# Plant ID please



## Feyde (Mar 11, 2009)

I found this plant growing in the Manistee River (NW lower peninsula of Michigan). I've been trying to ID this plant for over a month, but cannot match it with anything. Sorry about the bad picture.


----------



## Avi (Apr 7, 2004)

Well, as you mentioned the pic isn't a good one, so any ident is questionable...but just for fun, I'd have to take a guess that it's some kind of Hygro.


----------



## Feyde (Mar 11, 2009)

Hygro was my guess, too. Tried taking some more pictures. Not much better, but it's about as good as the camera phone will do.http://www.aquaticplantcentral.com/forumapc/images/smilies/icon_sad.gif


----------



## miremonster (Mar 26, 2006)

According to this pdf about Michigan aquatic invasive species, Hygrophila polysperma is not established in Michigan.
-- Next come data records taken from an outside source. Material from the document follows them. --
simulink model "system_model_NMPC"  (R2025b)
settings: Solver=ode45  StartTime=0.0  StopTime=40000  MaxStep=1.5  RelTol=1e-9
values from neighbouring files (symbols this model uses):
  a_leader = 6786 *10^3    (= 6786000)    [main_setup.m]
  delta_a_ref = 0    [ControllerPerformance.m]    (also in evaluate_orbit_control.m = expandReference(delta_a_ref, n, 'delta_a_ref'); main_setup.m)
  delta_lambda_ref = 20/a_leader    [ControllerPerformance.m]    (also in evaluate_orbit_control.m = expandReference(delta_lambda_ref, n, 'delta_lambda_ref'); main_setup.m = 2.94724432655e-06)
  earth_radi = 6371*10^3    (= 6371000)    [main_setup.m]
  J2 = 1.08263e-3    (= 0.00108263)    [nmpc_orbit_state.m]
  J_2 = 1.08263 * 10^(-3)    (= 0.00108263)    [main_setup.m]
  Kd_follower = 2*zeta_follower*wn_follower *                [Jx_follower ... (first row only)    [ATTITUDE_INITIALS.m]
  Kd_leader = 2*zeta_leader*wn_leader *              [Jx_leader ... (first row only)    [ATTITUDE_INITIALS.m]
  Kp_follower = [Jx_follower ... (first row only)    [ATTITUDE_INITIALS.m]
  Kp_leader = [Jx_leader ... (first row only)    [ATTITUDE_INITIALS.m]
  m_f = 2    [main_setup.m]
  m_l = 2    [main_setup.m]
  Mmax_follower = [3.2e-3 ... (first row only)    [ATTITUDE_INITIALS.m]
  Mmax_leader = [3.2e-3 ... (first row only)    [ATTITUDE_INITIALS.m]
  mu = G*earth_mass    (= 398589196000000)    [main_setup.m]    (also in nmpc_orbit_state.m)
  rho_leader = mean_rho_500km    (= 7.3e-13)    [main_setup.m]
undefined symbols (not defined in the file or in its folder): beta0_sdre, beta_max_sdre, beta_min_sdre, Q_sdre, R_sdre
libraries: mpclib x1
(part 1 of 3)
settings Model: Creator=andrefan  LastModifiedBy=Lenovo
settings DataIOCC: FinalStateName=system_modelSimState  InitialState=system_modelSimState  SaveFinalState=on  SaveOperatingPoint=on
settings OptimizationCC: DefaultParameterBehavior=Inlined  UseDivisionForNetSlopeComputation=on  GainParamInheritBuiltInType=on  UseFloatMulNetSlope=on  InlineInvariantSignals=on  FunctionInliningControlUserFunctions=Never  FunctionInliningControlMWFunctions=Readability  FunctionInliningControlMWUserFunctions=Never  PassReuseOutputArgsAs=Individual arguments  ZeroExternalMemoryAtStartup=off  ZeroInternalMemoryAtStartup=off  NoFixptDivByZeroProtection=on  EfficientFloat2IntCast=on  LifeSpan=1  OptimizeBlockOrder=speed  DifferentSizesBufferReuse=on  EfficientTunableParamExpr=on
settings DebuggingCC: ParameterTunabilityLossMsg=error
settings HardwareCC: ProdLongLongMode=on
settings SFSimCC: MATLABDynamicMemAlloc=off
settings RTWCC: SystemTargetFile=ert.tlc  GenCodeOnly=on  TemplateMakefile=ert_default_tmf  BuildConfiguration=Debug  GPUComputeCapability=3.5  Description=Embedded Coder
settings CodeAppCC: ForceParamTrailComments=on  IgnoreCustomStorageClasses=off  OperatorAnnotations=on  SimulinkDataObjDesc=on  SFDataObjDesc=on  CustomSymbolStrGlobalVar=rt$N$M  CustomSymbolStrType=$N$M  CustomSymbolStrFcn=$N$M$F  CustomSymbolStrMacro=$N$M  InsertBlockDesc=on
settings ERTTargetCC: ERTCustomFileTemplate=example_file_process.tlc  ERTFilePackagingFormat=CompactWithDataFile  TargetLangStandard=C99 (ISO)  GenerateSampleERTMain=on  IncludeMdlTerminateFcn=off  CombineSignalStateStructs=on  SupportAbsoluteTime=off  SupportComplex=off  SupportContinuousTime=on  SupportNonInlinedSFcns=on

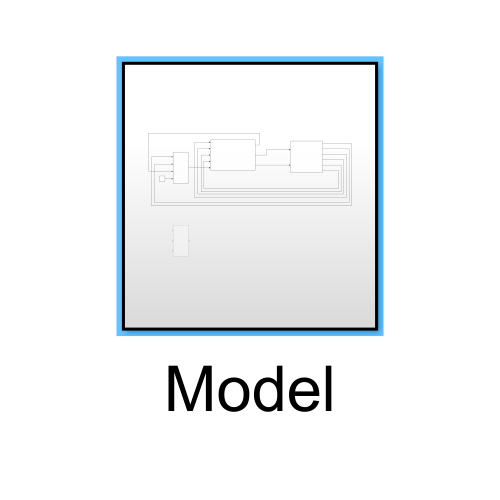
[thumbnail: Simulink's stored preview of the top-level diagram]
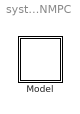
== system system_model_NMPC ==
  Model : Subsystem

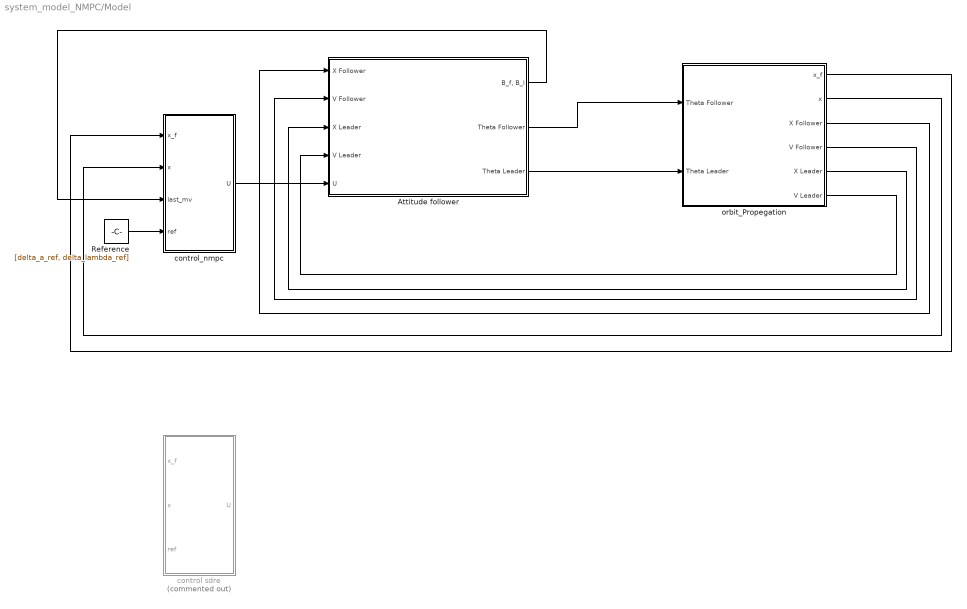
== system system_model_NMPC/Model ==
  "Attitude follower " : Subsystem
  Reference : Constant  Value=[delta_a_ref, delta_lambda_ref]
  control sdre : Subsystem  Commented=on
  control_nmpc : Subsystem
  orbit_Propegation : Subsystem
  wires:
  orbit_Propegation/1(x_f) -> control_nmpc/1(x_f)
  orbit_Propegation/2(x) -> control_nmpc/2(x)
  Reference/1 -> control_nmpc/4(ref)
  orbit_Propegation/3(X Follower) -> "Attitude follower "/1(X Follower)
  orbit_Propegation/4(V Follower) -> "Attitude follower "/2(V Follower)
  orbit_Propegation/5(X Leader) -> "Attitude follower "/3(X Leader)
  orbit_Propegation/6(V Leader) -> "Attitude follower "/4(V Leader)
  "Attitude follower "/2(Theta Follower) -> orbit_Propegation/1(Theta Follower)
  "Attitude follower "/3(Theta Leader) -> orbit_Propegation/2(Theta Leader)
  control_nmpc/1(U) -> "Attitude follower "/5(U)
  "Attitude follower "/1("B_f, B_l") -> control_nmpc/3(last_mv)

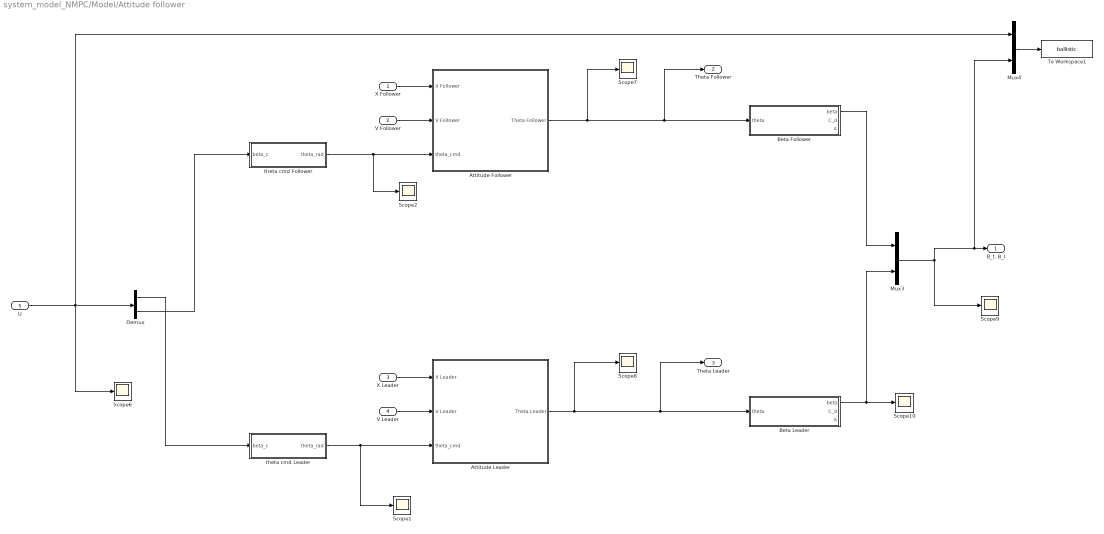
== system system_model_NMPC/Model/Attitude follower  ==
  X Follower : Inport
  V Follower : Inport  Port=2
  X Leader : Inport  Port=3
  V Leader : Inport  Port=4
  U : Inport  Port=5
  Attitude Follower : Subsystem
  Attitude Leader : Subsystem
  Beta Follower : MATLAB Function  TreatAsAtomicUnit=on
  Beta Leader : MATLAB Function  TreatAsAtomicUnit=on
  Demux : Demux  Outputs=2
  Mux3 : Mux  Inputs=2
  Mux4 : Mux  Inputs=2
  Scope{1..2,6..10} (7 alike) : Scope
      Scope1 settings: ActiveDisplayYMinimum=-0.045913062602693733  ActiveDisplayYMaximum=1.4555864748650962  DataLoggingVariableName=ScopeData43
      Scope10 settings: ActiveDisplayYMinimum=-0.0089508661365174519  ActiveDisplayYMaximum=0.27107619634307356  DataLoggingVariableName=ScopeData40
      Scope2 settings: ActiveDisplayYMinimum=-0.18250820694100406  ActiveDisplayYMaximum=1.6425738624690367
      Scope6 settings: ActiveDisplayYMinimum=0.0048104776645491263  ActiveDisplayYMaximum=0.08683060912495788  DataLoggingVariableName=ScopeData41
      Scope7 settings: ActiveDisplayYMinimum=-0.14955674609276967  ActiveDisplayYMaximum=1.3420939307289279  DataLoggingVariableName=ScopeData42
      Scope8 settings: ActiveDisplayYMinimum=-4.5513250658678969E-5  ActiveDisplayYMaximum=0.0004096192559281108  DataLoggingVariableName=ScopeData43
      Scope9 settings: ActiveDisplayYMinimum=-0.051056264121872613  ActiveDisplayYMaximum=0.257673572261877  DataLoggingVariableName=ScopeData38
  To Workspace1 : ToWorkspace  VariableName=ballistic  SaveFormat=Timeseries  SampleTime=-1
  theta cmd Follower : MATLAB Function  TreatAsAtomicUnit=on
  theta cmd Leader : MATLAB Function  TreatAsAtomicUnit=on
  "B_f, B_l" : Outport
  Theta Follower : Outport  Port=2
  Theta Leader : Outport  Port=3
  wires:
  X Follower/1 -> Attitude Follower/1(X Follower)
  V Follower/1 -> Attitude Follower/2(V Follower)
  X Leader/1 -> Attitude Leader/1(X Leader)
  V Leader/1 -> Attitude Leader/2(V Leader)
  theta cmd Leader/1(theta_rad) -> Scope1/1, Attitude Leader/3(theta_cmd)
  theta cmd Follower/1(theta_rad) -> Scope2/1, Attitude Follower/3(theta_cmd)
  Attitude Follower/1(Theta Follower) -> Theta Follower/1, Beta Follower/1(theta), Scope7/1
  Attitude Leader/1(Theta Leader) -> Scope8/1, Theta Leader/1, Beta Leader/1(theta)
  Beta Leader/1(beta) -> Mux3/2, Scope10/1
  Mux3/1 -> Scope9/1, Mux4/2, "B_f, B_l"/1
  Beta Follower/1(beta) -> Mux3/1
  Mux4/1 -> To Workspace1/1
  U/1 -> Mux4/1, Scope6/1, Demux/1
  Demux/1 -> theta cmd Leader/1(beta_c)
  Demux/2 -> theta cmd Follower/1(beta_c)

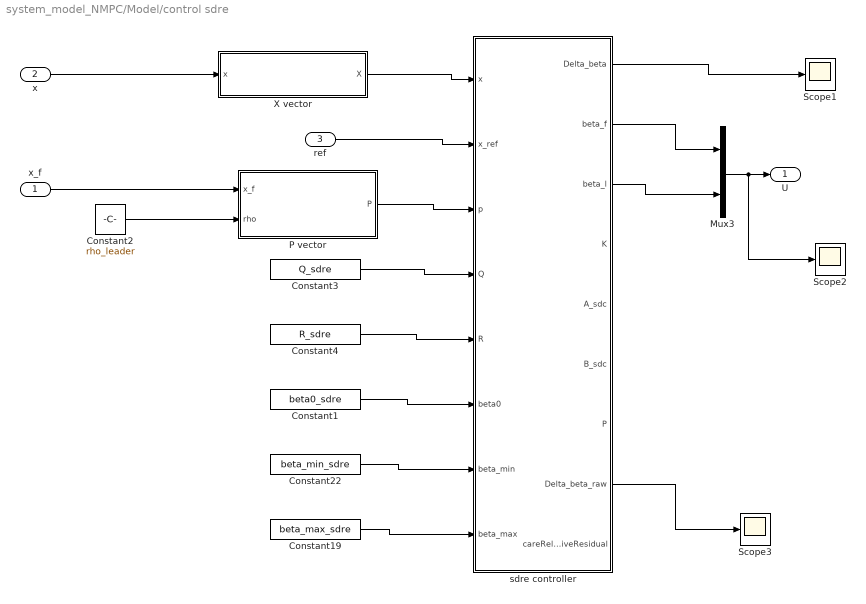
== system system_model_NMPC/Model/control sdre ==
  x_f : Inport
  x : Inport  Port=2
  ref : Inport  Port=3
  Constant1 : Constant  Value=beta0_sdre
  Constant19 : Constant  Value=beta_max_sdre
  Constant2 : Constant  Value=rho_leader
  Constant22 : Constant  Value=beta_min_sdre
  Constant3 : Constant  Value=Q_sdre
  Constant4 : Constant  Value=R_sdre
  Mux3 : Mux  Inputs=2
  P vector : MATLAB Function  TreatAsAtomicUnit=on
  Scope1 : Scope
      settings: ActiveDisplayYMinimum=-0.0032921639354863029  ActiveDisplayYMaximum=-0.0014749131731903909  DataLoggingVariableName=ScopeData14
  Scope2 : Scope
      settings: ActiveDisplayYMinimum=0.0407755493500229  ActiveDisplayYMaximum=0.054229976864297966  DataLoggingVariableName=ScopeData3
  Scope3 : Scope
      settings: ActiveDisplayYMinimum=0.033685370004966811  ActiveDisplayYMaximum=0.084038625678476891  DataLoggingVariableName=ScopeData5
  X vector : MATLAB Function  TreatAsAtomicUnit=on
  sdre controller : MATLAB Function  TreatAsAtomicUnit=on
  U : Outport
  wires:
  P vector/1(P) -> sdre controller/3(p)
  Constant2/1 -> P vector/2(rho)
  x_f/1 -> P vector/1(x_f)
  x/1 -> X vector/1(x)
  X vector/1(X) -> sdre controller/1(x)
  Constant19/1 -> sdre controller/8(beta_max)
  Constant22/1 -> sdre controller/7(beta_min)
  Constant1/1 -> sdre controller/6(beta0)
  Constant3/1 -> sdre controller/4(Q)
  sdre controller/2(beta_f) -> Mux3/1
  sdre controller/3(beta_l) -> Mux3/2
  Mux3/1 -> U/1, Scope2/1
  ref/1 -> sdre controller/2(x_ref)
  sdre controller/1(Delta_beta) -> Scope1/1
  sdre controller/8(Delta_beta_raw) -> Scope3/1
  Constant4/1 -> sdre controller/5(R)

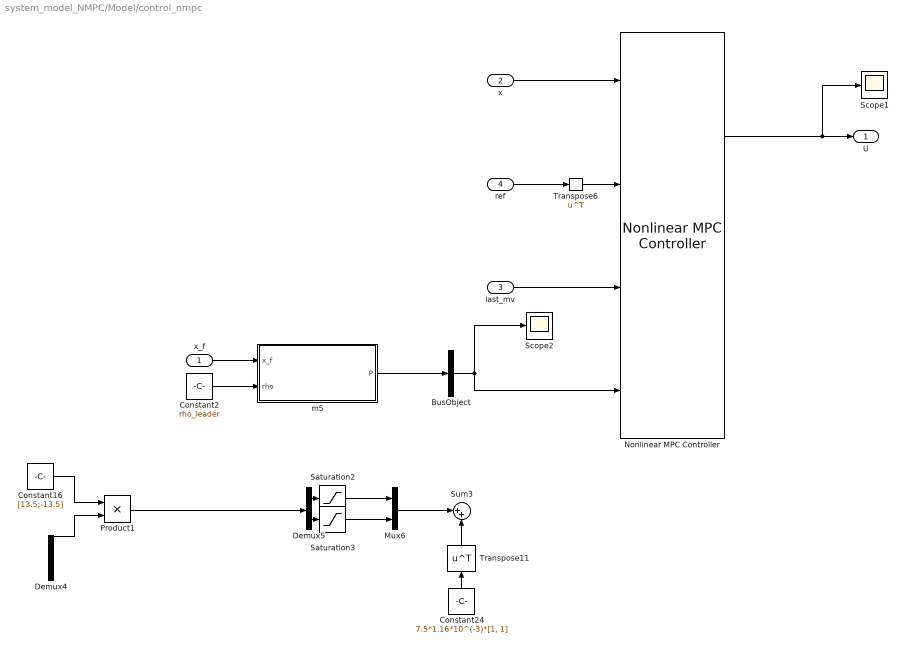
== system system_model_NMPC/Model/control_nmpc ==
  x_f : Inport
  x : Inport  Port=2
  last_mv : Inport  Port=3
  ref : Inport  Port=4
  BusObject : BusCreator  Inputs=1  OutDataTypeStr=Bus: BusObject  NonVirtualBus=on
      settings: InheritFromInputs=off
  Constant16 : Constant  Value=[13.5;-13.5]
  Constant2 : Constant  Value=rho_leader
  Constant24 : Constant  Value=7.5*1.16*10^(-3)*[1, 1]
  Demux4 : Demux  Outputs=6
  Demux5 : Demux  Outputs=2
  Mux6 : Mux  Inputs=2
  Nonlinear MPC Controller : mpclib/Nonlinear MPC Controller  nlmpcobj=nlobj  UseObjectTs=on  TsControl=20  UseMEX=off  md_enabled=off  mvtarget_enabled=off  param_enabled=on  cost_enabled=on  mvseq_enabled=off  stateseq_enabled=off  ovseq_enabled=off  slack_enabled=off  status_enabled=off  ov_min=off  ov_max=off  mv_min=off  mv_max=off  mvrate_min=off  mvrate_max=off  state_min=off  state_max=off  ov_weight=off  mv_weight=off  mvrate_weight=off  ecr_weight=off  nlp_initialize=off
  Product1 : Product
  Saturation2 : Saturate  UpperLimit=inf  LowerLimit=0.000348
  Saturation3 : Saturate  UpperLimit=inf  LowerLimit=0.000348
  Scope1 : Scope
      settings: ActiveDisplayYMinimum=0.00481047337988073  ActiveDisplayYMaximum=0.086830624071647655  DataLoggingVariableName=ScopeData14
  Scope2 : Scope
      settings: ActiveDisplayYMinimum=-9.0946582247123644E+6  ActiveDisplayYMaximum=2.6536439957668819E+7  DataLoggingVariableName=ScopeData35
  Sum3 : Sum  Inputs=|++
  Transpose11 : Math  Operator=transpose
  Transpose6 : Math  Operator=transpose
  m5 : MATLAB Function  TreatAsAtomicUnit=on
  U : Outport
  wires:
  m5/1(P) -> BusObject/1
  Transpose6/1 -> Nonlinear MPC Controller/2
  x/1 -> Nonlinear MPC Controller/1
  ref/1 -> Transpose6/1
  x_f/1 -> m5/1(x_f)
  last_mv/1 -> Nonlinear MPC Controller/3
  Constant2/1 -> m5/2(rho)
  BusObject/1 -> Scope2/1, Nonlinear MPC Controller/4
  Nonlinear MPC Controller/1 -> Scope1/1, U/1
  Demux5/1 -> Saturation2/1
  Mux6/1 -> Sum3/1
  Transpose11/1 -> Sum3/2
  Saturation3/1 -> Mux6/2
  Product1/1 -> Demux5/1
  Constant16/1 -> Product1/1
  Saturation2/1 -> Mux6/1
  Constant24/1 -> Transpose11/1
  Demux4/1 -> Product1/2
  Demux5/2 -> Saturation3/1

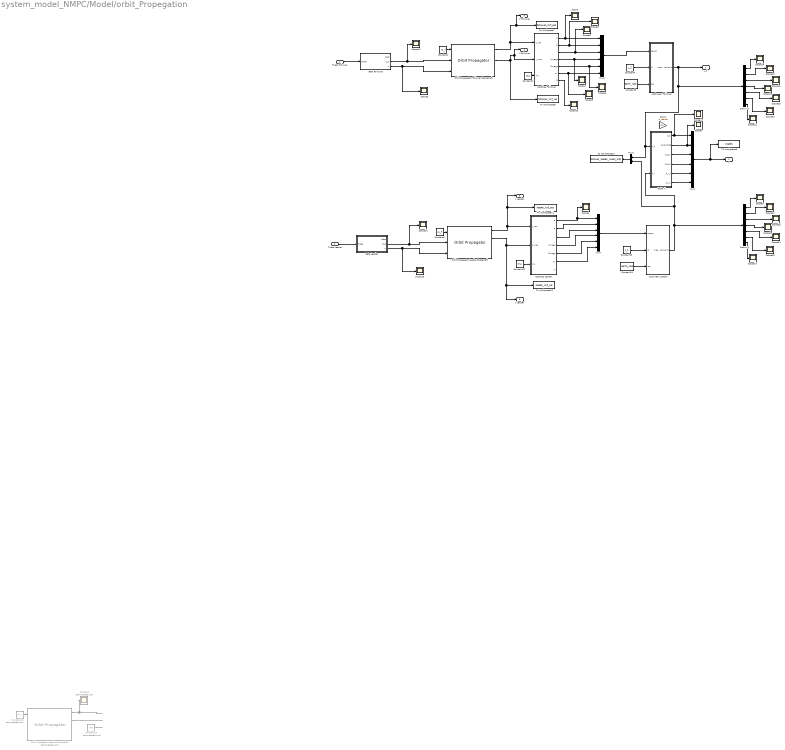
== system system_model_NMPC/Model/orbit_Propegation ==
  Theta Follower : Inport
  Theta Leader : Inport  Port=2
  Beta Follower : MATLAB Function  TreatAsAtomicUnit=on
  Beta Leader : MATLAB Function  TreatAsAtomicUnit=on
  Cart2kep Follower : MATLAB Function  TreatAsAtomicUnit=on
  Cart2kep Leader : MATLAB Function  TreatAsAtomicUnit=on
  Constant1 : Constant  Value=m_f
  Constant12 : Constant  Value=mu
  Constant13 : Constant  Value=J_2
  Constant14 : Constant  Value=earth_radi
  Constant18 : Constant  Commented=on  Value=m_l
  Constant19 : Constant  Commented=on  Value=mu
  Constant2 : Constant  Value=mu
  Constant4 : Constant  Value=J_2
  Constant5 : Constant  Value=earth_radi
  Constant6 : Constant  Value=m_f
  Delta X : MATLAB Function  TreatAsAtomicUnit=on
  Demux1 : Demux  Outputs=7
  Demux2 : Demux  Outputs=7
  Gain2 : Gain  Gain=a_leader
  Mux1 : Mux  Inputs=6
  Mux6 : Mux  Inputs=6
  Mux7 : Mux  Inputs=6
  Mux9 : Mux  Inputs=2
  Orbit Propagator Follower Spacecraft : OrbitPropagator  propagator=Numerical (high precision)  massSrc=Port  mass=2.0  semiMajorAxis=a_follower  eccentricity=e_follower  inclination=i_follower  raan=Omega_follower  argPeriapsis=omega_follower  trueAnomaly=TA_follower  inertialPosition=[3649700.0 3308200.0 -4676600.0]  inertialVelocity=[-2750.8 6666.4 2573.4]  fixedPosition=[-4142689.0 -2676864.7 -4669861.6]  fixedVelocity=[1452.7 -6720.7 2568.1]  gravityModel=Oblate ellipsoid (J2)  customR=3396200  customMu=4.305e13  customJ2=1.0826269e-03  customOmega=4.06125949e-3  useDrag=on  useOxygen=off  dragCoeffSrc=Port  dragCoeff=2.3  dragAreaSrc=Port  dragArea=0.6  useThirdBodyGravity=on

But that may not exclude an occurrence somewhere in the state.
http://house.michigan.gov/SessionDocs/2009-2010/Testimony/Committee10-3-19-2009-1.pdf

Did it grow submerged? Was there something looking like flowers or inflorescences on the plants?


----------



## Feyde (Mar 11, 2009)

I found the plant growing in a large stand. All the plants were submerged with no sign of flowers or inflorescences.


----------